Question

Solve the following system of equations graphically:
$4x-5y+16=0,2x+y-6=0.$
Determine the vertices of the triangle formed by these lines and the x-axis.

Answer 1

On a graph paper, draw a horizontal line X'OX and a vertical line YOY' as the x-axis and y-axis, respectively.
Graph of 4x − 5y + 16 = 0

4x − 5y + 16 = 0
⇒ 5y = (4x +16)
∴ $y=\frac{4x+16}{5}$ ...........(i)
Putting x = 1, we get y = 4.
Putting x = −4, we get y = 0.
Putting x = 6, we get y = 8.
Thus, we have the following table for the equation 4x − 5y + 16 = 0.

x	1	−4	6
y	4	0	8

Now, plot the points A(1, 4), B(−4, 0) and C(6, 8) on the graph paper.
Join AB and AC to get the graph line BC. Extend it on both ways.
Thus, BC is the graph of 4x − 5y + 16 = 0.

Graph of 2x + y − 6 = 0
2x + y − 6 = 0
⇒ y = (−2x + 6) ...........(ii)
Putting x = 1, we get y = 4.
Putting x = 3, we get y = 0.
Putting x = 2, we get y = 2.
Thus, we have the following table for the equation 2x + y − 6 = 0.

x	1	3	2
y	4	0	2

Now, plot the points P(3, 0) and Q(2, 2). The point A(1, 4) has already been plotted.

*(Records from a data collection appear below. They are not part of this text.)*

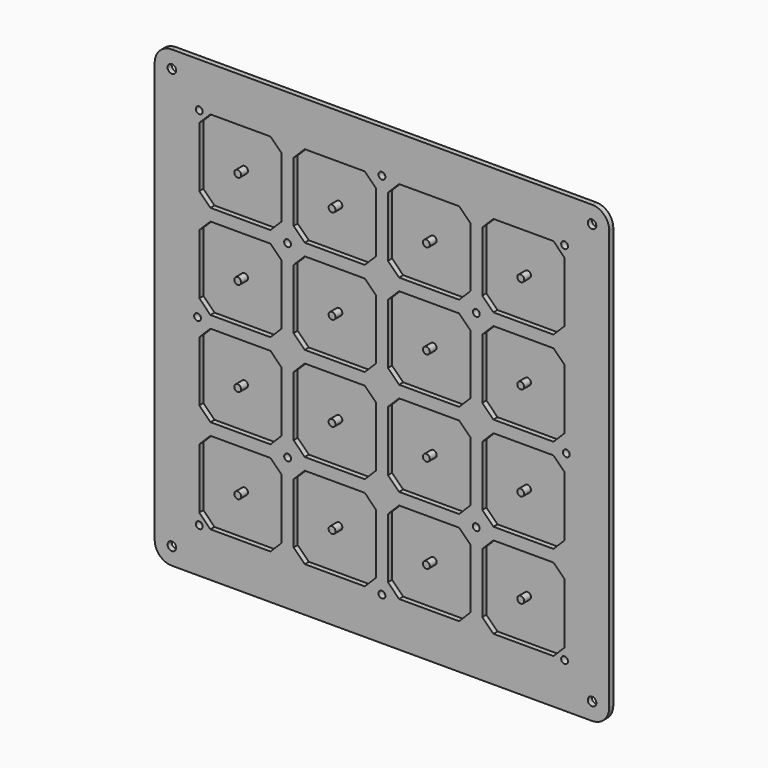
from build123d import *

# Parameters (mm, degrees)
F1_DEPTH      = 12
F2_START      = -12
F0_R          = 2
F2_DEPTH      = 6
F3_DEPTH      = 6
F4_DEPTH      = 20
F4_DEPTH_BACK = 5
F5_R          = 2.5
F6_DEPTH      = 3
F7_SIZE       = 2
F8_D          = 4
F8_2_D        = 4
F9_D          = 4


with BuildPart() as f1:
    # F0 (on Front) → F1 (new body)
    with BuildSketch(Plane.XZ):
        with BuildLine():
            Line((106.5, 111.5), (-106.5, 111.5))
            ThreePointArc((-106.5, 111.5), (-110.0355339059, 110.0355339059), (-111.5, 106.5))
            Line((-111.5, 106.5), (-111.5, -106.5))
            ThreePointArc((-111.5, -106.5), (-110.0355339059, -110.0355339059), (-106.5, -111.5))
            Line((-106.5, -111.5), (106.5, -111.5))
            ThreePointArc((106.5, -111.5), (110.0355339059, -110.0355339059), (111.5, -106.5))
            Line((111.5, -106.5), (111.5, 106.5))
            ThreePointArc((111.5, 106.5), (110.0355339059, 110.0355339059), (106.5, 111.5))
        make_face()
        Polygon((-64.5710678119, -57.5), (-57.5, -64.5710678119), (-57.5, -82.5), (-57.5, -100.4289321881), (-64.5710678119, -107.5), (-82.5, -107.5), (-100.4289321881, -107.5), (-107.5, -100.4289321881), (-107.5, -82.5), (-107.5, -64.5710678119), (-100.4289321881, -57.5), (-82.5, -57.5), align=None, mode=Mode.SUBTRACT)
        Polygon((-9.5710678119, -57.5), (-2.5, -64.5710678119), (-2.5, -82.5), (-2.5, -100.4289321881), (-9.5710678119, -107.5), (-27.5, -107.5), (-45.4289321881, -107.5), (-52.5, -100.4289321881), (-52.5, -82.5), (-52.5, -64.5710678119), (-45.4289321881, -57.5), (-27.5, -57.5), align=None, mode=Mode.SUBTRACT)
        Polygon((-64.5710678119, -2.5), (-57.5, -9.5710678119), (-57.5, -27.5), (-57.5, -45.4289321881), (-64.5710678119, -52.5), (-82.5, -52.5), (-100.4289321881, -52.5), (-107.5, -45.4289321881), (-107.5, -27.5), (-107.5, -9.5710678119), (-100.4289321881, -2.5), (-82.5, -2.5), align=None, mode=Mode.SUBTRACT)
        Polygon((-9.5710678119, -2.5), (-2.5, -9.5710678119), (-2.5, -27.5), (-2.5, -45.4289321881), (-9.5710678119, -52.5), (-27.5, -52.5), (-45.4289321881, -52.5), (-52.5, -45.4289321881), (-52.5, -27.5), (-52.5, -9.5710678119), (-45.4289321881, -2.5), (-27.5, -2.5), align=None, mode=Mode.SUBTRACT)
        Polygon((45.4289321881, -57.5), (52.5, -64.5710678119), (52.5, -82.5), (52.5, -100.4289321881), (45.4289321881, -107.5), (27.5, -107.5), (9.5710678119, -107.5), (2.5, -100.4289321881), (2.5, -82.5), (2.5, -64.5710678119), (9.5710678119, -57.5), (27.5, -57.5), align=None, mode=Mode.SUBTRACT)
        Polygon((100.4289321881, -57.5), (107.5, -64.5710678119), (107.5, -82.5), (107.5, -100.4289321881), (100.4289321881, -107.5), (82.5, -107.5), (64.5710678119, -107.5), (57.5, -100.4289321881), (57.5, -82.5), (57.5, -64.5710678119), (64.5710678119, -57.5), (82.5, -57.5), align=None, mode=Mode.SUBTRACT)
        Polygon((45.4289321881, -2.5), (52.5, -9.5710678119), (52.5, -27.5), (52.5, -45.4289321881), (45.4289321881, -52.5), (27.5, -52.5), (9.5710678119, -52.5), (2.5, -45.4289321881), (2.5, -27.5), (2.5, -9.5710678119), (9.5710678119, -2.5), (27.5, -2.5), align=None, mode=Mode.SUBTRACT)
        Polygon((100.4289321881, -2.5), (107.5, -9.5710678119), (107.5, -27.5), (107.5, -45.4289321881), (100.4289321881, -52.5), (82.5, -52.5), (64.5710678119, -52.5), (57.5, -45.4289321881), (57.5, -27.5), (57.5, -9.5710678119), (64.5710678119, -2.5), (82.5, -2.5), align=None, mode=Mode.SUBTRACT)
        Polygon((-64.5710678119, 52.5), (-57.5, 45.4289321881), (-57.5, 27.5), (-57.5, 9.5710678119), (-64.5710678119, 2.5), (-82.5, 2.5), (-100.4289321881, 2.5), (-107.5, 9.5710678119), (-107.5, 27.5), (-107.5, 45.4289321881), (-100.4289321881, 52.5), (-82.5, 52.5), align=None, mode=Mode.SUBTRACT)
        Polygon((-9.5710678119, 52.5), (-2.5, 45.4289321881), (-2.5, 27.5), (-2.5, 9.5710678119), (-9.5710678119, 2.5), (-27.5, 2.5), (-45.4289321881, 2.5), (-52.5, 9.5710678119), (-52.5, 27.5), (-52.5, 45.4289321881), (-45.4289321881, 52.5), (-27.5, 52.5), align=None, mode=Mode.SUBTRACT)
        Polygon((-107.5, 64.5710678119), (-107.5, 82.5), (-107.5, 100.4289321881), (-100.4289321881, 107.5), (-82.5, 107.5), (-64.5710678119, 107.5), (-57.5, 100.4289321881), (-57.5, 82.5), (-57.5, 64.5710678119), (-64.5710678119, 57.5), (-82.5, 57.5), (-100.4289321881, 57.5), align=None, mode=Mode.SUBTRACT)
        Polygon((-9.5710678119, 107.5), (-2.5, 100.4289321881), (-2.5, 82.5), (-2.5, 64.5710678119), (-9.5710678119, 57.5), (-27.5, 57.5), (-45.4289321881, 57.5), (-52.5, 64.5710678119), (-52.5, 82.5), (-52.5, 100.4289321881), (-45.4289321881, 107.5), (-27.5, 107.5), align=None, mode=Mode.SUBTRACT)
        Polygon((45.4289321881, 52.5), (52.5, 45.4289321881), (52.5, 27.5), (52.5, 9.5710678119), (45.4289321881, 2.5), (27.5, 2.5), (9.5710678119, 2.5), (2.5, 9.5710678119), (2.5, 27.5), (2.5, 45.4289321881), (9.5710678119, 52.5), (27.5, 52.5), align=None, mode=Mode.SUBTRACT)
        Polygon((100.4289321881, 52.5), (107.5, 45.4289321881), (107.5, 27.5), (107.5, 9.5710678119), (100.4289321881, 2.5), (82.5, 2.5), (64.5710678119, 2.5), (57.5, 9.5710678119), (57.5, 27.5), (57.5, 45.4289321881), (64.5710678119, 52.5), (82.5, 52.5), align=None, mode=Mode.SUBTRACT)
        Polygon((45.4289321881, 107.5), (52.5, 100.4289321881), (52.5, 82.5), (52.5, 64.5710678119), (45.4289321881, 57.5), (27.5, 57.5), (9.5710678119, 57.5), (2.5, 64.5710678119), (2.5, 82.5), (2.5, 100.4289321881), (9.5710678119, 107.5), (27.5, 107.5), align=None, mode=Mode.SUBTRACT)
        Polygon((100.4289321881, 107.5), (107.5, 100.4289321881), (107.5, 82.5), (107.5, 64.5710678119), (100.4289321881, 57.5), (82.5, 57.5), (64.5710678119, 57.5), (57.5, 64.5710678119), (57.5, 82.5), (57.5, 100.4289321881), (64.5710678119, 107.5), (82.5, 107.5), align=None, mode=Mode.SUBTRACT)
    extrude(amount=-F1_DEPTH)

    # F8 (through all)
    with Locations(Plane.XZ):
        with Locations((106.5, 106.5), (0, 107.5), (-106.5, 106.5), (-107.5, 0), (107.5, 0), (106.5, -106.5), (0, -107.5), (-106.5, -106.5), (-55, 55), (55, 55), (55, -55), (-55, -55)):
            Hole(F8_D / 2)


with BuildPart() as f2:
    # F0 (on Front) → F2 (new body)
    with BuildSketch(Plane.XZ.offset(F2_START)):
        with BuildLine():
            Line((106.5, 111.5), (-106.5, 111.5))
            ThreePointArc((-106.5, 111.5), (-110.0355339059, 110.0355339059), (-111.5, 106.5))
            Line((-111.5, 106.5), (-111.5, -106.5))
            ThreePointArc((-111.5, -106.5), (-110.0355339059, -110.0355339059), (-106.5, -111.5))
            Line((-106.5, -111.5), (106.5, -111.5))
            ThreePointArc((106.5, -111.5), (110.0355339059, -110.0355339059), (111.5, -106.5))
            Line((111.5, -106.5), (111.5, 106.5))
            ThreePointArc((111.5, 106.5), (110.0355339059, 110.0355339059), (106.5, 111.5))
        make_face()
        Polygon((-64.5710678119, -57.5), (-57.5, -64.5710678119), (-57.5, -82.5), (-57.5, -100.4289321881), (-64.5710678119, -107.5), (-82.5, -107.5), (-100.4289321881, -107.5), (-107.5, -100.4289321881), (-107.5, -82.5), (-107.5, -64.5710678119), (-100.4289321881, -57.5), (-82.5, -57.5), align=None, mode=Mode.SUBTRACT)
        Polygon((-9.5710678119, -57.5), (-2.5, -64.5710678119), (-2.5, -82.5), (-2.5, -100.4289321881), (-9.5710678119, -107.5), (-27.5, -107.5), (-45.4289321881, -107.5), (-52.5, -100.4289321881), (-52.5, -82.5), (-52.5, -64.5710678119), (-45.4289321881, -57.5), (-27.5, -57.5), align=None, mode=Mode.SUBTRACT)
        Polygon((-64.5710678119, -2.5), (-57.5, -9.5710678119), (-57.5, -27.5), (-57.5, -45.4289321881), (-64.5710678119, -52.5), (-82.5, -52.5), (-100.4289321881, -52.5), (-107.5, -45.4289321881), (-107.5, -27.5), (-107.5, -9.5710678119), (-100.4289321881, -2.5), (-82.5, -2.5), align=None, mode=Mode.SUBTRACT)
        Polygon((-9.5710678119, -2.5), (-2.5, -9.5710678119), (-2.5, -27.5), (-2.5, -45.4289321881), (-9.5710678119, -52.5), (-27.5, -52.5), (-45.4289321881, -52.5), (-52.5, -45.4289321881), (-52.5, -27.5), (-52.5, -9.5710678119), (-45.4289321881, -2.5), (-27.5, -2.5), align=None, mode=Mode.SUBTRACT)
        Polygon((45.4289321881, -57.5), (52.5, -64.5710678119), (52.5, -82.5), (52.5, -100.4289321881), (45.4289321881, -107.5), (27.5, -107.5), (9.5710678119, -107.5), (2.5, -100.4289321881), (2.5, -82.5), (2.5, -64.5710678119), (9.5710678119, -57.5), (27.5, -57.5), align=None, mode=Mode.SUBTRACT)
        Polygon((100.4289321881, -57.5), (107.5, -64.5710678119), (107.5, -82.5), (107.5, -100.4289321881), (100.4289321881, -107.5), (82.5, -107.5), (64.5710678119, -107.5), (57.5, -100.4289321881), (57.5, -82.5), (57.5, -64.5710678119), (64.5710678119, -57.5), (82.5, -57.5), align=None, mode=Mode.SUBTRACT)
        Polygon((45.4289321881, -2.5), (52.5, -9.5710678119), (52.5, -27.5), (52.5, -45.4289321881), (45.4289321881, -52.5), (27.5, -52.5), (9.5710678119, -52.5), (2.5, -45.4289321881), (2.5, -27.5), (2.5, -9.5710678119), (9.5710678119, -2.5), (27.5, -2.5), align=None, mode=Mode.SUBTRACT)
        Polygon((100.4289321881, -2.5), (107.5, -9.5710678119), (107.5, -27.5), (107.5, -45.4289321881), (100.4289321881, -52.5), (82.5, -52.5), (64.5710678119, -52.5), (57.5, -45.4289321881), (57.5, -27.5), (57.5, -9.5710678119), (64.5710678119, -2.5), (82.5, -2.5), align=None, mode=Mode.SUBTRACT)
        Polygon((-64.5710678119, 52.5), (-57.5, 45.4289321881), (-57.5, 27.5), (-57.5, 9.5710678119), (-64.5710678119, 2.5), (-82.5, 2.5), (-100.4289321881, 2.5), (-107.5, 9.5710678119), (-107.5, 27.5), (-107.5, 45.4289321881), (-100.4289321881, 52.5), (-82.5, 52.5), align=None, mode=Mode.SUBTRACT)
        Polygon((-9.5710678119, 52.5), (-2.5, 45.4289321881), (-2.5, 27.5), (-2.5, 9.5710678119), (-9.5710678119, 2.5), (-27.5, 2.5), (-45.4289321881, 2.5), (-52.5, 9.5710678119), (-52.5, 27.5), (-52.5, 45.4289321881), (-45.4289321881, 52.5), (-27.5, 52.5), align=None, mode=Mode.SUBTRACT)
        Polygon((-107.5, 64.5710678119), (-107.5, 82.5), (-107.5, 100.4289321881), (-100.4289321881, 107.5), (-82.5, 107.5), (-64.5710678119, 107.5), (-57.5, 100.4289321881), (-57.5, 82.5), (-57.5, 64.5710678119), (-64.5710678119, 57.5), (-82.5, 57.5), (-100.4289321881, 57.5), align=None, mode=Mode.SUBTRACT)
        Polygon((-9.5710678119, 107.5), (-2.5, 100.4289321881), (-2.5, 82.5), (-2.5, 64.5710678119), (-9.5710678119, 57.5), (-27.5, 57.5), (-45.4289321881, 57.5), (-52.5, 64.5710678119), (-52.5, 82.5), (-52.5, 100.4289321881), (-45.4289321881, 107.5), (-27.5, 107.5), align=None, mode=Mode.SUBTRACT)
        Polygon((45.4289321881, 52.5), (52.5, 45.4289321881), (52.5, 27.5), (52.5, 9.5710678119), (45.4289321881, 2.5), (27.5, 2.5), (9.5710678119, 2.5), (2.5, 9.5710678119), (2.5, 27.5), (2.5, 45.4289321881), (9.5710678119, 52.5), (27.5, 52.5), align=None, mode=Mode.SUBTRACT)
        Polygon((100.4289321881, 52.5), (107.5, 45.4289321881), (107.5, 27.5), (107.5, 9.5710678119), (100.4289321881, 2.5), (82.5, 2.5), (64.5710678119, 2.5), (57.5, 9.5710678119), (57.5, 27.5), (57.5, 45.4289321881), (64.5710678119, 52.5), (82.5, 52.5), align=None, mode=Mode.SUBTRACT)
        Polygon((45.4289321881, 107.5), (52.5, 100.4289321881), (52.5, 82.5), (52.5, 64.5710678119), (45.4289321881, 57.5), (27.5, 57.5), (9.5710678119, 57.5), (2.5, 64.5710678119), (2.5, 82.5), (2.5, 100.4289321881), (9.5710678119, 107.5), (27.5, 107.5), align=None, mode=Mode.SUBTRACT)
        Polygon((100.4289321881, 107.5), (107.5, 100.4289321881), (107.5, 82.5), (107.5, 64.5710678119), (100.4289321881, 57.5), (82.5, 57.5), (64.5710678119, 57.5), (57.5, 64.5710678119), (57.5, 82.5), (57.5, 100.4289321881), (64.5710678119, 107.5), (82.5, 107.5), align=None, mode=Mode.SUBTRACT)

Join PQ and QA to get the graph line PA. Extend it on both ways.
Then, PA is the graph of the equation 2x + y − 6 = 0.

The two graph lines intersect at A(1, 4).
∴ The solution of the given system of equations is x = 1 and y = 4.
Hence, these lines form ΔBAP with the x-axis, whose vertices are B(−4, 0), A(1, 4) and P(3, 0).